# Looking for suggestions for 2 channel room



## tpaxadpom (Jul 15, 2006)

Finally got my dedicated audio room (seperate from Video) and looking for suggestions. Below you can see some pictures (sorry for the quality).


http://img138.imageshack.us/my.php?image=pict0044fixedgz2.jpg
http://img152.imageshack.us/my.php?image=pict0047fixedww7.jpg
http://img138.imageshack.us/my.php?image=pict0046fixedxu3.jpg
http://img88.imageshack.us/my.php?image=pict0045fixedvs0.jpg

Here are some snapshots of measurements taken with my digital SPL meter (using correction file) and REW software
combined response (2 speakers)
http://img149.imageshack.us/my.php?image=2speakersuf1.jpg
:crying: 
left speaker only
http://img149.imageshack.us/my.php?image=leftspeakertx0.jpg

right speaker only
http://img243.imageshack.us/my.php?image=rightspeakerfc1.jpg
Note: measurements were taken with left closet door open (gives the best results). I haven't tried removing doors yet though. Also I don't have a tripod for SPL meter so I just had it placed on the back of my futon (though the results vary when I move it slightly and I was able to get flatter response. I didn't move it during 2, left and right speaker measurements).

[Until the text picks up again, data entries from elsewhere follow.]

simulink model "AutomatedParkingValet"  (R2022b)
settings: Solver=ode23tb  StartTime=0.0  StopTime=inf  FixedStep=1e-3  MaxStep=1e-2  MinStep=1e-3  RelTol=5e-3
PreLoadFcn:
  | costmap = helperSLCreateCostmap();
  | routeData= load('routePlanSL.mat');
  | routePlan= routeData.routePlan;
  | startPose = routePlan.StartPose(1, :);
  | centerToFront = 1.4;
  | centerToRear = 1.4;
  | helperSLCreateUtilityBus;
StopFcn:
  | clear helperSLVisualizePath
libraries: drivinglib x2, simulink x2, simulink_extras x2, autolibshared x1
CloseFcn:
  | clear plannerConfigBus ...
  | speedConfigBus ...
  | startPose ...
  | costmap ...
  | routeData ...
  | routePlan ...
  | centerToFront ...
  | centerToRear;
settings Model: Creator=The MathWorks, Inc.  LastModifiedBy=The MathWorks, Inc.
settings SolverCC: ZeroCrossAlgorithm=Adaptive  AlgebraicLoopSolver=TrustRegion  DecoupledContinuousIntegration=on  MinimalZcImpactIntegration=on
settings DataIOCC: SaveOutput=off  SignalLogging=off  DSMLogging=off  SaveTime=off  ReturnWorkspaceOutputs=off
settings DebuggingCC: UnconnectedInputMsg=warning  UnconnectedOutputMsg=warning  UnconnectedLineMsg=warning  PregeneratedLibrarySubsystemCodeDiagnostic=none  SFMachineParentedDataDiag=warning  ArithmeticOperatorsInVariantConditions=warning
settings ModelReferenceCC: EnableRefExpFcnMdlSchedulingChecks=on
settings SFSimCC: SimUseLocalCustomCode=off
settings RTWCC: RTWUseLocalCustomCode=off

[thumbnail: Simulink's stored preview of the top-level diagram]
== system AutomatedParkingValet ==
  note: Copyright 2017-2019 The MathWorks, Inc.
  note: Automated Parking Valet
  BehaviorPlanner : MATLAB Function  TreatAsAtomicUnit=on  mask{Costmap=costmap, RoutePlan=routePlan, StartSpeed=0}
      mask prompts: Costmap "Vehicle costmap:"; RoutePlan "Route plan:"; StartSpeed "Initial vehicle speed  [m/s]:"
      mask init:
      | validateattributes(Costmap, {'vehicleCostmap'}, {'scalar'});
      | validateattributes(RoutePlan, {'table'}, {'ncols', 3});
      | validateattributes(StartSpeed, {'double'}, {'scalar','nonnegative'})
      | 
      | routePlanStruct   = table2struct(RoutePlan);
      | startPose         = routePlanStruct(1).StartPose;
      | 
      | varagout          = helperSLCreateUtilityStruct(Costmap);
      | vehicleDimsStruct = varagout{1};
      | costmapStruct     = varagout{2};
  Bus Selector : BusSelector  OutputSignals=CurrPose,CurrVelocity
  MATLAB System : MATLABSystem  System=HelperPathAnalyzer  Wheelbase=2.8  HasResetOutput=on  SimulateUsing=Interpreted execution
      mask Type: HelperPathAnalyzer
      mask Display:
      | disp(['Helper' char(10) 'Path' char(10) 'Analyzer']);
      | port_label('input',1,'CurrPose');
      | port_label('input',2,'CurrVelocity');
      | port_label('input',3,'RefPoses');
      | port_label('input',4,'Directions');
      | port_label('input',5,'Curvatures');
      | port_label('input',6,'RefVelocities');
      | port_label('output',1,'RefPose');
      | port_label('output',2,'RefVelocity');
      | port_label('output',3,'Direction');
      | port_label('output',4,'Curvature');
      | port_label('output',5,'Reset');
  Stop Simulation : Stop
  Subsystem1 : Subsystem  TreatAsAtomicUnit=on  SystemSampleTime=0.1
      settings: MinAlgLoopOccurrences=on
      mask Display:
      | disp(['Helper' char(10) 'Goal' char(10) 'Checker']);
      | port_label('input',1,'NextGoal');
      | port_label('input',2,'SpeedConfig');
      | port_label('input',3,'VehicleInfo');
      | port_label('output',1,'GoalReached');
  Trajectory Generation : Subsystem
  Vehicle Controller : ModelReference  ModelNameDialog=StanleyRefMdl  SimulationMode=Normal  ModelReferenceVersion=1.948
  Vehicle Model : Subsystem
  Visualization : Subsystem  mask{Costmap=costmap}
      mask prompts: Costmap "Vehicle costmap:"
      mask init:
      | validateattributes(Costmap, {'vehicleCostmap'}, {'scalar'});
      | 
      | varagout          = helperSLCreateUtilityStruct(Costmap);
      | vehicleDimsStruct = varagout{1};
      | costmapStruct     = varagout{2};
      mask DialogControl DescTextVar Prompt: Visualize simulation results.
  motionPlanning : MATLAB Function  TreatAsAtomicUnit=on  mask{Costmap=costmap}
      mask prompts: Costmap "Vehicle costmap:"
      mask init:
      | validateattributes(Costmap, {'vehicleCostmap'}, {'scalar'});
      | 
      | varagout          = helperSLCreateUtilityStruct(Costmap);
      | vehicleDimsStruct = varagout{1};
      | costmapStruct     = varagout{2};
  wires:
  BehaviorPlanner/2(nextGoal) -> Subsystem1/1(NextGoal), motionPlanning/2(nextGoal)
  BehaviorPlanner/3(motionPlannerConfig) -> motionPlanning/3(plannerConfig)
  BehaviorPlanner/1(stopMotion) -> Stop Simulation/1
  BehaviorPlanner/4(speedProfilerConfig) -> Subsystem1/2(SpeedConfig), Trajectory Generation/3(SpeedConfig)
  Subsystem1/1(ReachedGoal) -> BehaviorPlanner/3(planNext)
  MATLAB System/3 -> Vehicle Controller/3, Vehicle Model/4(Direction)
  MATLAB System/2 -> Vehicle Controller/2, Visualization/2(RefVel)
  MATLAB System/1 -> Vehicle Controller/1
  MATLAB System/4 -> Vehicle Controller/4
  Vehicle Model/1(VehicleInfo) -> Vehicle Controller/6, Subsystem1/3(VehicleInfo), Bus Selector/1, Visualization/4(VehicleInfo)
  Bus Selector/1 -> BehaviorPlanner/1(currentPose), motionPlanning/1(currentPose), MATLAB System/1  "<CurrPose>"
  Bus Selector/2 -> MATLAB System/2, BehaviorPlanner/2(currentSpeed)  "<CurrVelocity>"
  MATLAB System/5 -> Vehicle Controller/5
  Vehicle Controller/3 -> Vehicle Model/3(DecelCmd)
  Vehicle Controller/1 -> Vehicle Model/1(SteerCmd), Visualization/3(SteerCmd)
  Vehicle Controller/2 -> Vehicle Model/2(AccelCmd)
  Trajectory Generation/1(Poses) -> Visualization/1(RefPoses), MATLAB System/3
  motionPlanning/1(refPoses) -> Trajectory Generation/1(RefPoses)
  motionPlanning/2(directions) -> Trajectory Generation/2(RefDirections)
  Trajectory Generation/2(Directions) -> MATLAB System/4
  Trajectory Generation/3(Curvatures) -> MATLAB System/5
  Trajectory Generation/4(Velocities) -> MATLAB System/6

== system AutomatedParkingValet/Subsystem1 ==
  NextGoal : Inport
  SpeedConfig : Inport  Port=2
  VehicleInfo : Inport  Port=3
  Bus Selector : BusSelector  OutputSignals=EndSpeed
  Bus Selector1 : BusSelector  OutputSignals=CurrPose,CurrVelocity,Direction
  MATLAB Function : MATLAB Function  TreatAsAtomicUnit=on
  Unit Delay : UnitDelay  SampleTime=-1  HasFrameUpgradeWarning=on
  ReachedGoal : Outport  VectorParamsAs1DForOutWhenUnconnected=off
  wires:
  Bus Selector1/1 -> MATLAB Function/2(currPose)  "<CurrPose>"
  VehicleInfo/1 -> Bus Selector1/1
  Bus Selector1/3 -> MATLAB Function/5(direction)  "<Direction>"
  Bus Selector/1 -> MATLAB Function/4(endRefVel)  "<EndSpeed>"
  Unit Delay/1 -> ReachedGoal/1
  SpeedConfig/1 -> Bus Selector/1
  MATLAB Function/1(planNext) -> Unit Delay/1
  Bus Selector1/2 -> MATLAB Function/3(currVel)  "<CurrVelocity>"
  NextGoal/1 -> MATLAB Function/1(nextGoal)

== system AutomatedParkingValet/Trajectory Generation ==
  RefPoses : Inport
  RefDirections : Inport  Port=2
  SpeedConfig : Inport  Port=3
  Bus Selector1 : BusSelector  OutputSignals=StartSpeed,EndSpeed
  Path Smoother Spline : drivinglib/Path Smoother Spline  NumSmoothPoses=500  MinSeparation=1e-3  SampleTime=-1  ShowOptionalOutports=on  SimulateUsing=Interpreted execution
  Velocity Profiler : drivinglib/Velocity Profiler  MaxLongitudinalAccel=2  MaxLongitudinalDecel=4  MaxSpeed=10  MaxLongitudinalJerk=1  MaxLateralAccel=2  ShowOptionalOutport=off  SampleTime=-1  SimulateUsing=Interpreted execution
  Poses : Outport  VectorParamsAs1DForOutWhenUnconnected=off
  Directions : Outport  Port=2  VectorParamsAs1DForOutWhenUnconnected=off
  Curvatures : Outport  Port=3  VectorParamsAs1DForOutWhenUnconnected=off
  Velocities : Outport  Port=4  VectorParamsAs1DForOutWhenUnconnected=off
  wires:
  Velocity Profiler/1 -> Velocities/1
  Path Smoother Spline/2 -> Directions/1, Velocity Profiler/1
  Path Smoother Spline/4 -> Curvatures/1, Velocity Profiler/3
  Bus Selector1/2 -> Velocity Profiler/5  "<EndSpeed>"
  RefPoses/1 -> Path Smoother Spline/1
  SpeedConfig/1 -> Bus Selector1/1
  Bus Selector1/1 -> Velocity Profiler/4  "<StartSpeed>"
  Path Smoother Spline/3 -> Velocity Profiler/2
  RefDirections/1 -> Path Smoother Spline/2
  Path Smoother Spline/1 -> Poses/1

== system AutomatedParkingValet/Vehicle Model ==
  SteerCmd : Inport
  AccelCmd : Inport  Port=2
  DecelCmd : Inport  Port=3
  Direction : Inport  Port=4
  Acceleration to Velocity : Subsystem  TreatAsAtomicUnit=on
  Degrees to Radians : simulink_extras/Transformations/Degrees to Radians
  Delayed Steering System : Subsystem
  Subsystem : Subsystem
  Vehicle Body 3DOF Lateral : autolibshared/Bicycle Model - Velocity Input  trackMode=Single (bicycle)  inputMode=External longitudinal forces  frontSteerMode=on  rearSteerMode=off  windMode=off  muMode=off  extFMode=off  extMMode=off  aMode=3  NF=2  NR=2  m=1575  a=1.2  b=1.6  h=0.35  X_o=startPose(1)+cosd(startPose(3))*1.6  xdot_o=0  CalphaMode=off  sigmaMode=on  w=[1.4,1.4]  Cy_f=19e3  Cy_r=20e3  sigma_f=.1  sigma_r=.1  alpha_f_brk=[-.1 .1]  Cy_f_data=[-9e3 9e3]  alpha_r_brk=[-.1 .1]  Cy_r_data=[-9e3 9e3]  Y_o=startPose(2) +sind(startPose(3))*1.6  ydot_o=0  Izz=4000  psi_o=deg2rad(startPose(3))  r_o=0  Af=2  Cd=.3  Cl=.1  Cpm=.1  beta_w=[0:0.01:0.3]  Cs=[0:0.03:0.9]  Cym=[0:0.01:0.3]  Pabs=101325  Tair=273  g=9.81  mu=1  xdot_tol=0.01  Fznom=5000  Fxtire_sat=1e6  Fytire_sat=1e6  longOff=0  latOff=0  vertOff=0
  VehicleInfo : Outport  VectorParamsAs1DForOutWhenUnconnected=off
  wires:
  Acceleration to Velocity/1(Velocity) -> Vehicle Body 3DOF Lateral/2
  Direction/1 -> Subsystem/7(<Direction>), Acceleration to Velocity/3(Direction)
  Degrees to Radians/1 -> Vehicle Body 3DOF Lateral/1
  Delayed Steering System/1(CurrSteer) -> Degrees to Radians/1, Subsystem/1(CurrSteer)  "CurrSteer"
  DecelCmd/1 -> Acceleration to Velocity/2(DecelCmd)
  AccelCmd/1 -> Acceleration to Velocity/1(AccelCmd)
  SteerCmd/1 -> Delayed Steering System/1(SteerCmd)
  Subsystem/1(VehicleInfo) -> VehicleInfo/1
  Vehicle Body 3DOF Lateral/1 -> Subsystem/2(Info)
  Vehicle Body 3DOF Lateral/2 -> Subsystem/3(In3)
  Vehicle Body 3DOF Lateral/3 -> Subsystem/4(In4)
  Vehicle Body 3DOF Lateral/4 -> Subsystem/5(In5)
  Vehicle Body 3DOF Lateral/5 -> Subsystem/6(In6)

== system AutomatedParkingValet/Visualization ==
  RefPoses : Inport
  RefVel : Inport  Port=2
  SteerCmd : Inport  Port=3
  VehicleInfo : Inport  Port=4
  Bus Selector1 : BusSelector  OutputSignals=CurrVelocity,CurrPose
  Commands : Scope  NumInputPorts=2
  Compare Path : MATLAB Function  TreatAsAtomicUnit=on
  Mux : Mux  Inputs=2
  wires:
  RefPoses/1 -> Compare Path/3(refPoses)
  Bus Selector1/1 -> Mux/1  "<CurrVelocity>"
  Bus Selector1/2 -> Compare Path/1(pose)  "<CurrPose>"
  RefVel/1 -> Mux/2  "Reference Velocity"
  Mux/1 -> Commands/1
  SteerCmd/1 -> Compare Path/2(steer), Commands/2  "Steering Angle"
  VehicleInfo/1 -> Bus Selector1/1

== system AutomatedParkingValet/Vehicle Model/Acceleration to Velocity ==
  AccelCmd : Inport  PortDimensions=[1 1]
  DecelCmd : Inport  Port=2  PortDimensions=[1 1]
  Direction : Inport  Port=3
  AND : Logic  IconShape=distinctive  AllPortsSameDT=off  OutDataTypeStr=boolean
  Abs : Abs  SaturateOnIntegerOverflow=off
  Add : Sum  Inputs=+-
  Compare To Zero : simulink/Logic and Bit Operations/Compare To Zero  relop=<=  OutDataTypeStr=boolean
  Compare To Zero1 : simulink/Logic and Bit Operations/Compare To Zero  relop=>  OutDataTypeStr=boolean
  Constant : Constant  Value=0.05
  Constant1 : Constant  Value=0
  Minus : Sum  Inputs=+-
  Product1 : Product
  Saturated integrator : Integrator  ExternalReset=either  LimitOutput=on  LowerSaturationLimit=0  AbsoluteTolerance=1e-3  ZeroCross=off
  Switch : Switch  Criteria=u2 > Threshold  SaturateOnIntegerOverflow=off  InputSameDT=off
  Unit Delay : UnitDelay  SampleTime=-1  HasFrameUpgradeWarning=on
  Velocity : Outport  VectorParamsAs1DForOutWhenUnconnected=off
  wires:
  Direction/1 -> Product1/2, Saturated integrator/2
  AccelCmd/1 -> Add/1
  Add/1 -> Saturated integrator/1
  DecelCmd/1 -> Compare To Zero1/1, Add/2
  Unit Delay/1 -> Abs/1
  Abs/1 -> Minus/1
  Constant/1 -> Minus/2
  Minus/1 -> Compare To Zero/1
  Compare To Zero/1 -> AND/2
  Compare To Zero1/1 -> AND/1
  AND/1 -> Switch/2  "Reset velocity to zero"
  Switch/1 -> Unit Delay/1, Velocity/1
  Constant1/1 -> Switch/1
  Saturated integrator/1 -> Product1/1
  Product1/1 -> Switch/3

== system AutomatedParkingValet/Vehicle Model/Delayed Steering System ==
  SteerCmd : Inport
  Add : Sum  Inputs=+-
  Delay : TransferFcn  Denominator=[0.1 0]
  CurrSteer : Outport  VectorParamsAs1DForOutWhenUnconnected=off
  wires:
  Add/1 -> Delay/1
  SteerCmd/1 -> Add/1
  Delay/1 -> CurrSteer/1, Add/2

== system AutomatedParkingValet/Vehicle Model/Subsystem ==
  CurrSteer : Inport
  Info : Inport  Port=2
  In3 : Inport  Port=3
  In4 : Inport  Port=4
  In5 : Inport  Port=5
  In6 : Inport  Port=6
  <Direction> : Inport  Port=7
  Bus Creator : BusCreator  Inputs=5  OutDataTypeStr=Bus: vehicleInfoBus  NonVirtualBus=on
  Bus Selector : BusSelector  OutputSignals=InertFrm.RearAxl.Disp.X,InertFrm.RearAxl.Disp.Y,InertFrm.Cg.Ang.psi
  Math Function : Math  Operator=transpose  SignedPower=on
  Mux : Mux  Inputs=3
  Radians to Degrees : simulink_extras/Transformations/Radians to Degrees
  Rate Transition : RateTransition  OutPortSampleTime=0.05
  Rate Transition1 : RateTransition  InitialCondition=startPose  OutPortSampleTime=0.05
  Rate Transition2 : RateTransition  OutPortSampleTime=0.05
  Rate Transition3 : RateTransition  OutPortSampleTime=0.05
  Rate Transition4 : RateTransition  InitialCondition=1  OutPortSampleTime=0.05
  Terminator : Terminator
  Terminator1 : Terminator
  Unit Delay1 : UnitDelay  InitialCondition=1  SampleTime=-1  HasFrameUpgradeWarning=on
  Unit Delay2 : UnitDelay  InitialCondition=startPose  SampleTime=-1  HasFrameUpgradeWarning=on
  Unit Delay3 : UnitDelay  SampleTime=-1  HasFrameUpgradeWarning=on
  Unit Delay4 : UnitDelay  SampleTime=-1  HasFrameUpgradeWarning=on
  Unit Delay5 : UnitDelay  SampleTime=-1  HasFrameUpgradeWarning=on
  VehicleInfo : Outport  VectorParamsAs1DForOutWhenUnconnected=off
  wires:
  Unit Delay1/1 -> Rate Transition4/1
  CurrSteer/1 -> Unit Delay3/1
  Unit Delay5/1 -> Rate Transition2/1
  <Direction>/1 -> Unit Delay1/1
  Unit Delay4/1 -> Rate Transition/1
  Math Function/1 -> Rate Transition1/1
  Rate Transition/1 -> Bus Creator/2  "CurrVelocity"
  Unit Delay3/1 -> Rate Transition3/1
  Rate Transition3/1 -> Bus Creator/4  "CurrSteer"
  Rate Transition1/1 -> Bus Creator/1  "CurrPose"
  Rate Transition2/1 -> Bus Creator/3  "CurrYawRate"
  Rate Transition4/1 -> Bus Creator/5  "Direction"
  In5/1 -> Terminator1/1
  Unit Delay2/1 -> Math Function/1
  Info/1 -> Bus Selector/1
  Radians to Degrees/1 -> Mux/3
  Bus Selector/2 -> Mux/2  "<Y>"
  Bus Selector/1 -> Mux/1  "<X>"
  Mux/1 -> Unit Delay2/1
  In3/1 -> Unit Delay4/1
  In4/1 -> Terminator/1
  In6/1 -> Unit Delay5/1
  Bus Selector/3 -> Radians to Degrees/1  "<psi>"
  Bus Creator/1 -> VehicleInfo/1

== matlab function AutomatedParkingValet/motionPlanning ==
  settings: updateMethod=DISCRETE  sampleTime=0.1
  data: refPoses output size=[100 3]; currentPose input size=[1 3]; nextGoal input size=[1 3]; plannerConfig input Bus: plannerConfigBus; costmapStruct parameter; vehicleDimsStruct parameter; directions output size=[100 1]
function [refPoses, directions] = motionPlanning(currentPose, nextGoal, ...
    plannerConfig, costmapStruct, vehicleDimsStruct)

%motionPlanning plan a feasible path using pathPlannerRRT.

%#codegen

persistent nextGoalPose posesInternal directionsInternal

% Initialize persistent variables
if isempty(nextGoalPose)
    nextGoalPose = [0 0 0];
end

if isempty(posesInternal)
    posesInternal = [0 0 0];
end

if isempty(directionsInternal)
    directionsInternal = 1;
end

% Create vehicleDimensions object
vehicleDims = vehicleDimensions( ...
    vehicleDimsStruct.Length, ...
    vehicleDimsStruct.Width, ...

I was playing to build/buy some bass traps but not quite sure how many I need and what would be the optimal place to put them. I don't want my room to be dead (too lively right now), but I definately need to add some bass traps. Is there something on the market that would help me with 30-40Hz bump? I prefer not to add any equalization in my 2 channel room.

Thanks in advance.


----------



## bpape (Sep 14, 2006)

Nice setup. The response is pretty typical and actually not bad considering no sub.

First off a coupl of things. Your seating is back pretty far in the room. I'd pull it forward a bit if you can. Looks like you have more than enough space behind the speakers - we need to balance both. May need to work in a couple of panels behind the speakers to smooth the SBIR response now - and more likely if you push them back a little.

Have you tried the other side of the closet door? That's actually closer to the corner - may actually want to do both. I'd think about may be leaving the doors on but putting a couple absorbers plus a bunch of sleeping bags, etc. in there for damping. 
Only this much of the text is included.